Museum specimens provide unparalleled opportunities to examine how diversity has changed across time. Museum eggshells in particular are an untapped resource of genomic information for thousands of avian species, including rare and extinct taxa1. The methods presented here provide a resource for other collections around the world to perform genetic analysis on eggshells in a cost-effective manner with minimal impact on the appearance of the specimen. This introduces new possibilities to interrogate biological phenomena, such as coevolution between brood parasites and their hosts. Furthermore, our method of sampling eggshell powder could potentially be used for other techniques such as mass spectrometry, stable isotope analysis, protein fingerprinting, whole-genome sequencing, or even transcriptomics; these techniques have applications in the study of reproductive biology, metabolism, avian diet, ecology, egg forensics10 and evolutionary history.
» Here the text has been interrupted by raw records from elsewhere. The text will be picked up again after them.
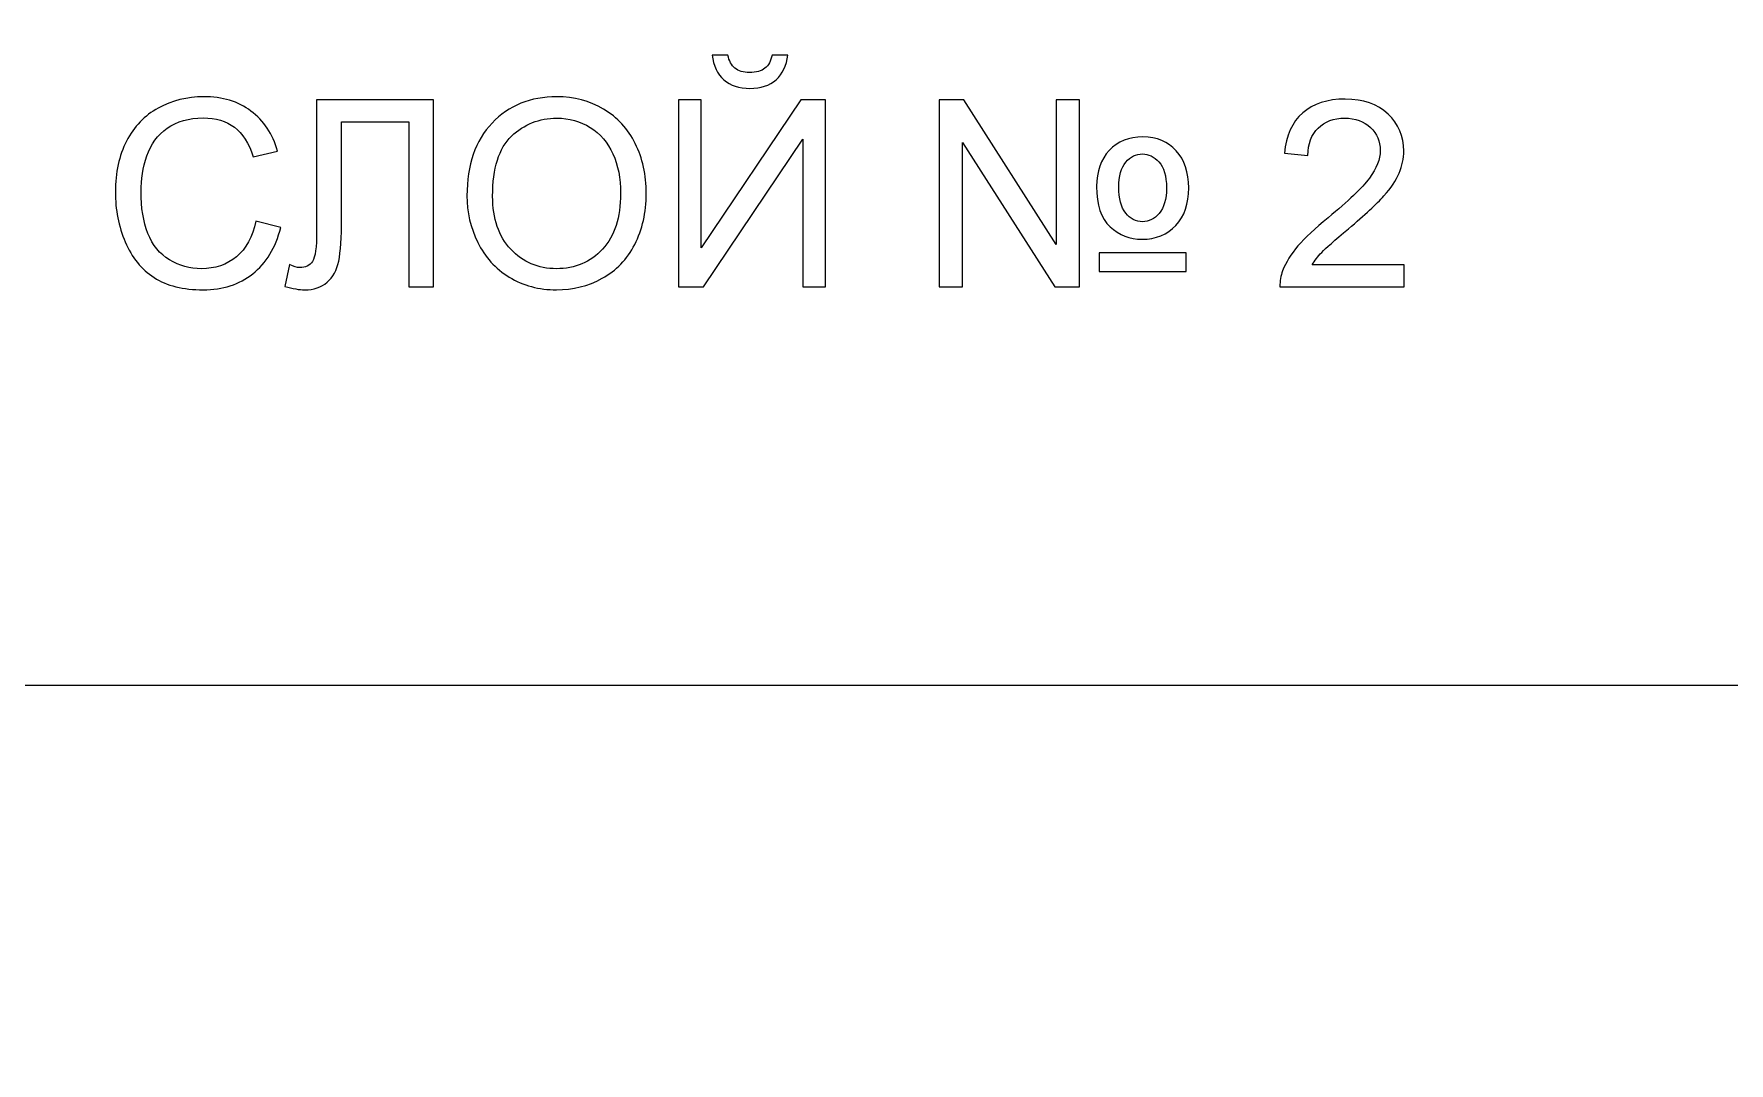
# Model space of a CAD drawing. Header units: millimetres. Extents: x -712 to 738, y -887 to 928.
# Drawn here: x -183.1 to -109.8, y 415.9 to 460.4 of the extents above; entities that cross this region are included whole.
import ezdxf

# ---------------------------------------------------------------- set-up
doc = ezdxf.new("R2010")
doc.units = ezdxf.units.MM
doc.header["$MEASUREMENT"] = 0
doc.layers.add('layer 1', color=7, linetype='Continuous')

msp = doc.modelspace()

# ---------------------------------------------------------------- linework, layer by layer
at = {"layer": 'layer 1', "lineweight": 9}
for points, knots in [([(-681.7377, -887.4186), (-681.7377, -887.4186), (706.7376, -887.4186), (706.7376, -887.4186), (706.7376, -887.4186), (723.657, -887.4186), (737.5, -873.5754), (737.5, -856.6561), (737.5, -856.6561), (737.5, -856.6561), (737.5, 556.8187), (737.5, 556.8187), (737.5, 556.8187), (737.5, 573.7381), (723.657, 587.5812), (706.7376, 587.5812), (706.7376, 587.5812), (706.7376, 587.5812), (-681.7377, 587.5812), (-681.7377, 587.5812), (-681.7377, 587.5812), (-698.657, 587.5812), (-712.5, 573.7381), (-712.5, 556.8187), (-712.5, 556.8187), (-712.5, 556.8187), (-712.5, -856.6561), (-712.5, -856.6561), (-712.5, -856.6561), (-712.5, -873.5754), (-698.657, -887.4186), (-681.7377, -887.4186)], [0, 0, 0, 0, 0.1111111, 0.1111111, 0.1111111, 0.1111111, 0.2222222, 0.2222222, 0.2222222, 0.2222222, 0.3333333, 0.3333333, 0.3333333, 0.3333333, 0.4444444, 0.4444444, 0.4444444, 0.4444444, 0.5555556, 0.5555556, 0.5555556, 0.5555556, 0.6666667, 0.6666667, 0.6666667, 0.6666667, 0.7777778, 0.7777778, 0.7777778, 0.7777778, 1, 1, 1, 1]), ([(-292.5, 152.2598), (-292.5, 152.2598), (-12.5, 152.2598), (-12.5, 152.2598), (-12.5, 152.2598), (-12.5, 152.2598), (-12.5, 432.2598), (-12.5, 432.2598), (-12.5, 432.2598), (-12.5, 432.2598), (-292.5, 432.2598), (-292.5, 432.2598), (-292.5, 432.2598), (-292.5, 432.2598), (-292.5, 152.2598), (-292.5, 152.2598)], [0, 0, 0, 0, 0.2, 0.2, 0.2, 0.2, 0.4, 0.4, 0.4, 0.4, 0.6, 0.6, 0.6, 0.6, 1, 1, 1, 1])]:
    msp.add_open_spline(points, degree=3, knots=knots, dxfattribs=at)
at = {"layer": 'layer 1', "color": 250, "lineweight": 9}
for points, knots in [([(-151.198, 459.5292), (-151.198, 459.5292), (-150.5189, 459.5292), (-150.5189, 459.5292), (-150.5189, 459.5292), (-150.5736, 459.0645), (-150.7434, 458.707), (-151.0264, 458.4587), (-151.0264, 458.4587), (-151.3093, 458.2084), (-151.6849, 458.0843), (-152.1546, 458.0843), (-152.1546, 458.0843), (-152.6262, 458.0843), (-153.0036, 458.2084), (-153.2847, 458.4549), (-153.2847, 458.4549), (-153.5658, 458.7033), (-153.7356, 459.0608), (-153.7903, 459.5292), (-153.7903, 459.5292), (-153.7903, 459.5292), (-153.1112, 459.5292), (-153.1112, 459.5292), (-153.1112, 459.5292), (-153.0602, 459.2752), (-152.9564, 459.0852), (-152.8036, 458.961), (-152.8036, 458.961), (-152.6508, 458.835), (-152.4432, 458.7729), (-152.1848, 458.7729), (-152.1848, 458.7729), (-151.8848, 458.7729), (-151.6584, 458.8331), (-151.5056, 458.9554), (-151.5056, 458.9554), (-151.3527, 459.0758), (-151.249, 459.2677), (-151.198, 459.5292)], [0, 0, 0, 0, 0.0909091, 0.0909091, 0.0909091, 0.0909091, 0.1818182, 0.1818182, 0.1818182, 0.1818182, 0.2727273, 0.2727273, 0.2727273, 0.2727273, 0.3636364, 0.3636364, 0.3636364, 0.3636364, 0.4545455, 0.4545455, 0.4545455, 0.4545455, 0.5454545, 0.5454545, 0.5454545, 0.5454545, 0.6363636, 0.6363636, 0.6363636, 0.6363636, 0.7272727, 0.7272727, 0.7272727, 0.7272727, 0.8181818, 0.8181818, 0.8181818, 0.8181818, 1, 1, 1, 1]), ([(-173.523, 452.3401), (-173.523, 452.3401), (-172.4476, 452.0692), (-172.4476, 452.0692), (-172.4476, 452.0692), (-172.6721, 451.1905), (-173.0759, 450.5226), (-173.6589, 450.0616), (-173.6589, 450.0616), (-174.2419, 449.6007), (-174.955, 449.3692), (-175.7983, 449.3692), (-175.7983, 449.3692), (-176.6699, 449.3692), (-177.3794, 449.5461), (-177.9265, 449.9017), (-177.9265, 449.9017), (-178.4736, 450.2554), (-178.8887, 450.7691), (-179.1736, 451.4407), (-179.1736, 451.4407), (-179.4585, 452.1143), (-179.6019, 452.8349), (-179.6019, 453.6063), (-179.6019, 453.6063), (-179.6019, 454.4474), (-179.4414, 455.1811), (-179.1188, 455.8077), (-179.1188, 455.8077), (-178.7963, 456.4342), (-178.3378, 456.9102), (-177.7435, 457.2357), (-177.7435, 457.2357), (-177.1491, 457.5612), (-176.4945, 457.723), (-175.7814, 457.723), (-175.7814, 457.723), (-174.9701, 457.723), (-174.289, 457.5179), (-173.7381, 457.1059), (-173.7381, 457.1059), (-173.1853, 456.6938), (-172.8004, 456.1162), (-172.5834, 455.3712), (-172.5834, 455.3712), (-172.5834, 455.3712), (-173.6362, 455.1228), (-173.6362, 455.1228), (-173.6362, 455.1228), (-173.823, 455.7098), (-174.0966, 456.1388), (-174.4531, 456.406), (-174.4531, 456.406), (-174.8097, 456.675), (-175.2587, 456.8086), (-175.8002, 456.8086), (-175.8002, 456.8086), (-176.4209, 456.8086), (-176.9417, 456.66), (-177.3586, 456.3627), (-177.3586, 456.3627), (-177.7756, 456.0654), (-178.0699, 455.6647), (-178.2377, 455.1642), (-178.2377, 455.1642), (-178.4076, 454.6618), (-178.4924, 454.1444), (-178.4924, 453.612), (-178.4924, 453.612), (-178.4924, 452.9252), (-178.3924, 452.325), (-178.1925, 451.8133), (-178.1925, 451.8133), (-177.9924, 451.2996), (-177.6812, 450.9177), (-177.2586, 450.6637), (-177.2586, 450.6637), (-176.836, 450.4097), (-176.3794, 450.2836), (-175.887, 450.2836), (-175.887, 450.2836), (-175.287, 450.2836), (-174.7814, 450.4567), (-174.3663, 450.801), (-174.3663, 450.801), (-173.9513, 451.1472), (-173.6702, 451.659), (-173.523, 452.3401)], [0, 0, 0, 0, 0.0434783, 0.0434783, 0.0434783, 0.0434783, 0.0869565, 0.0869565, 0.0869565, 0.0869565, 0.1304348, 0.1304348, 0.1304348, 0.1304348, 0.173913, 0.173913, 0.173913, 0.173913, 0.2173913, 0.2173913, 0.2173913, 0.2173913, 0.2608696, 0.2608696, 0.2608696, 0.2608696, 0.3043478, 0.3043478, 0.3043478, 0.3043478, 0.3478261, 0.3478261, 0.3478261, 0.3478261, 0.3913043, 0.3913043, 0.3913043, 0.3913043, 0.4347826, 0.4347826, 0.4347826, 0.4347826, 0.4782609, 0.4782609, 0.4782609, 0.4782609, 0.5217391, 0.5217391, 0.5217391, 0.5217391, 0.5652174, 0.5652174, 0.5652174, 0.5652174, 0.6086957, 0.6086957, 0.6086957, 0.6086957, 0.6521739, 0.6521739, 0.6521739, 0.6521739, 0.6956522, 0.6956522, 0.6956522, 0.6956522, 0.7391304, 0.7391304, 0.7391304, 0.7391304, 0.7826087, 0.7826087, 0.7826087, 0.7826087, 0.826087, 0.826087, 0.826087, 0.826087, 0.8695652, 0.8695652, 0.8695652, 0.8695652, 0.9130435, 0.9130435, 0.9130435, 0.9130435, 1, 1, 1, 1]), ([(-170.8967, 457.5876), (-170.8967, 457.5876), (-165.8367, 457.5876), (-165.8367, 457.5876), (-165.8367, 457.5876), (-165.8367, 457.5876), (-165.8367, 449.5047), (-165.8367, 449.5047), (-165.8367, 449.5047), (-165.8367, 449.5047), (-166.9121, 449.5047), (-166.9121, 449.5047), (-166.9121, 449.5047), (-166.9121, 449.5047), (-166.9121, 456.6393), (-166.9121, 456.6393), (-166.9121, 456.6393), (-166.9121, 456.6393), (-169.8213, 456.6393), (-169.8213, 456.6393), (-169.8213, 456.6393), (-169.8213, 456.6393), (-169.8213, 452.4756), (-169.8213, 452.4756), (-169.8213, 452.4756), (-169.8213, 451.6289), (-169.8609, 451.0099), (-169.9401, 450.6167), (-169.9401, 450.6167), (-170.0195, 450.2215), (-170.1873, 449.9167), (-170.442, 449.6966), (-170.442, 449.6966), (-170.6967, 449.4784), (-171.0212, 449.3692), (-171.4118, 449.3692), (-171.4118, 449.3692), (-171.6495, 449.3692), (-171.9344, 449.4182), (-172.2664, 449.516), (-172.2664, 449.516), (-172.2664, 449.516), (-172.074, 450.4643), (-172.074, 450.4643), (-172.074, 450.4643), (-171.8985, 450.3739), (-171.7476, 450.3288), (-171.6231, 450.3288), (-171.6231, 450.3288), (-171.3816, 450.3288), (-171.1986, 450.4191), (-171.0779, 450.6016), (-171.0779, 450.6016), (-170.9571, 450.7841), (-170.8967, 451.2131), (-170.8967, 451.8904), (-170.8967, 451.8904), (-170.8967, 451.8904), (-170.8967, 457.5876), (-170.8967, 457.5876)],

It may also be a promising way to non-destructively extract DNA from the calcareous shells of some reptile eggs, as well as mollusc exoskeletons21, which are often abundant among archaeological assemblages or serve as biological indicators of ecosystem health.

These methods can improve the curation and scientific value of collections by providing high-confidence taxonomic identifications and additional occurrence records for species that can help clarify the historical range and distribution of threatened and endangered species. Such information may, in turn, improve biodiversity assessments that could inform conservation management and the designation of protected areas.